• _Task material_:

○ ○ ○ ○ ○

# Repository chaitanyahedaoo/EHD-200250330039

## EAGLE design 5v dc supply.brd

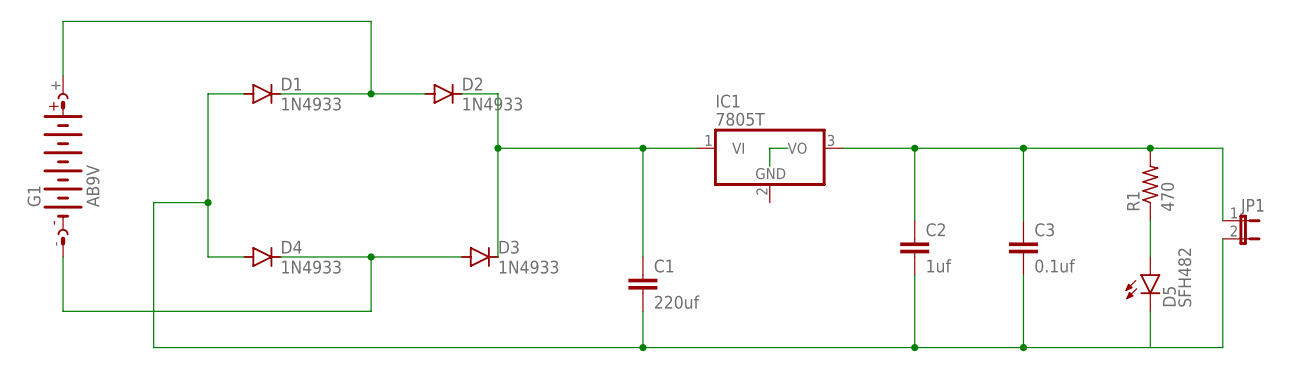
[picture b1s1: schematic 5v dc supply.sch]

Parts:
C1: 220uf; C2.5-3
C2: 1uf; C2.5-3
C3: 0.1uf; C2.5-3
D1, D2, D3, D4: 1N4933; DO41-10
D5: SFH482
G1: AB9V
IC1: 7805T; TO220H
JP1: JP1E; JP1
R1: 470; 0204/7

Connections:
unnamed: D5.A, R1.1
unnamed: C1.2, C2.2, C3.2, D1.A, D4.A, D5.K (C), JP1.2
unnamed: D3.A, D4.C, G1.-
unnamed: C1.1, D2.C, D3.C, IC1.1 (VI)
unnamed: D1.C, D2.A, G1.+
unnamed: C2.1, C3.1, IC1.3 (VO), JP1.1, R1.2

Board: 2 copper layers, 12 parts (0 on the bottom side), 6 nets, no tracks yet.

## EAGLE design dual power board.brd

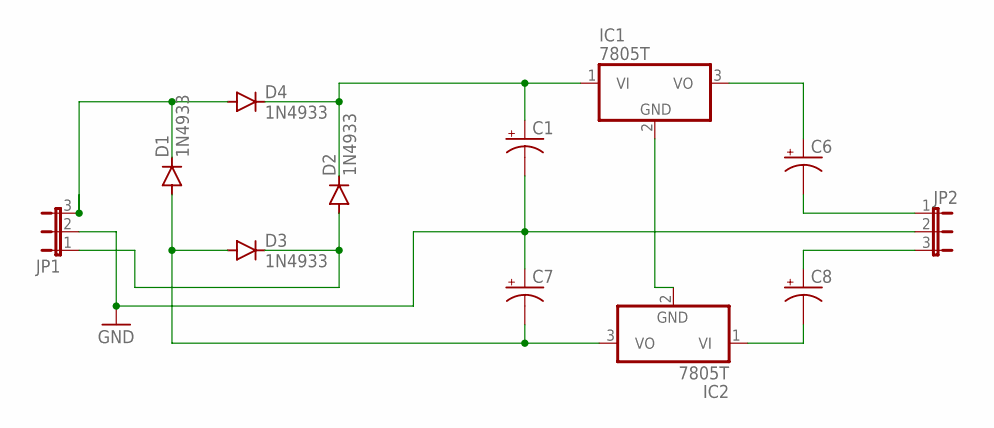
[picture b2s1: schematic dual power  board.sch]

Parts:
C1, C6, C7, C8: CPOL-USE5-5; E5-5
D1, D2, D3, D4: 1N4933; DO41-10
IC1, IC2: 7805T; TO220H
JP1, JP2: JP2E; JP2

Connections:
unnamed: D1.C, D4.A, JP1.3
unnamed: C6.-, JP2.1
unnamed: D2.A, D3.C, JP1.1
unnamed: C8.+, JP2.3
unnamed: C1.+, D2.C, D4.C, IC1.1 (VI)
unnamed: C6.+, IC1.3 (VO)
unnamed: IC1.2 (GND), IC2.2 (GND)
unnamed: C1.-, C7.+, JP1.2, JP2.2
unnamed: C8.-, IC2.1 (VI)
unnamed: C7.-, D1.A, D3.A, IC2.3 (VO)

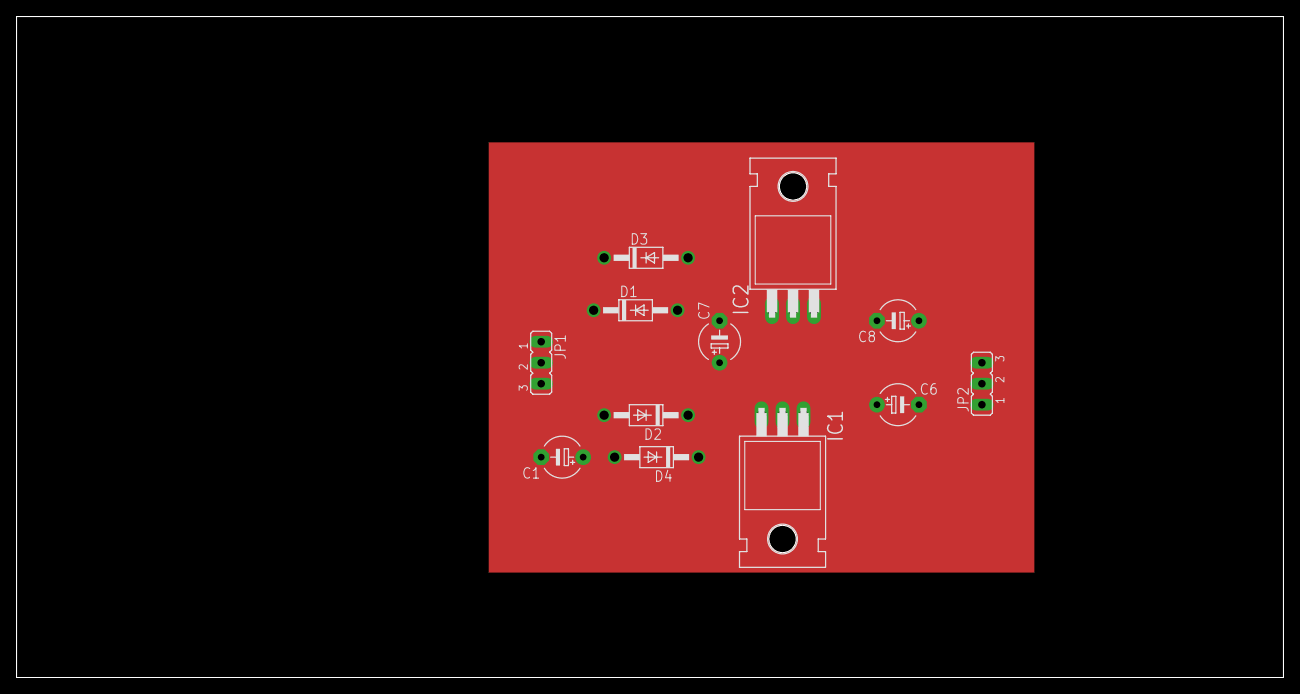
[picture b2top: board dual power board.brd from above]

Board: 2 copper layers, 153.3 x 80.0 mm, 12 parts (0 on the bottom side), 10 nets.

○ ○ ○ ○ ○

• _Required action_: Count every line above that holds the string "design" and give the total, nothing more.

• _Your solution_: 2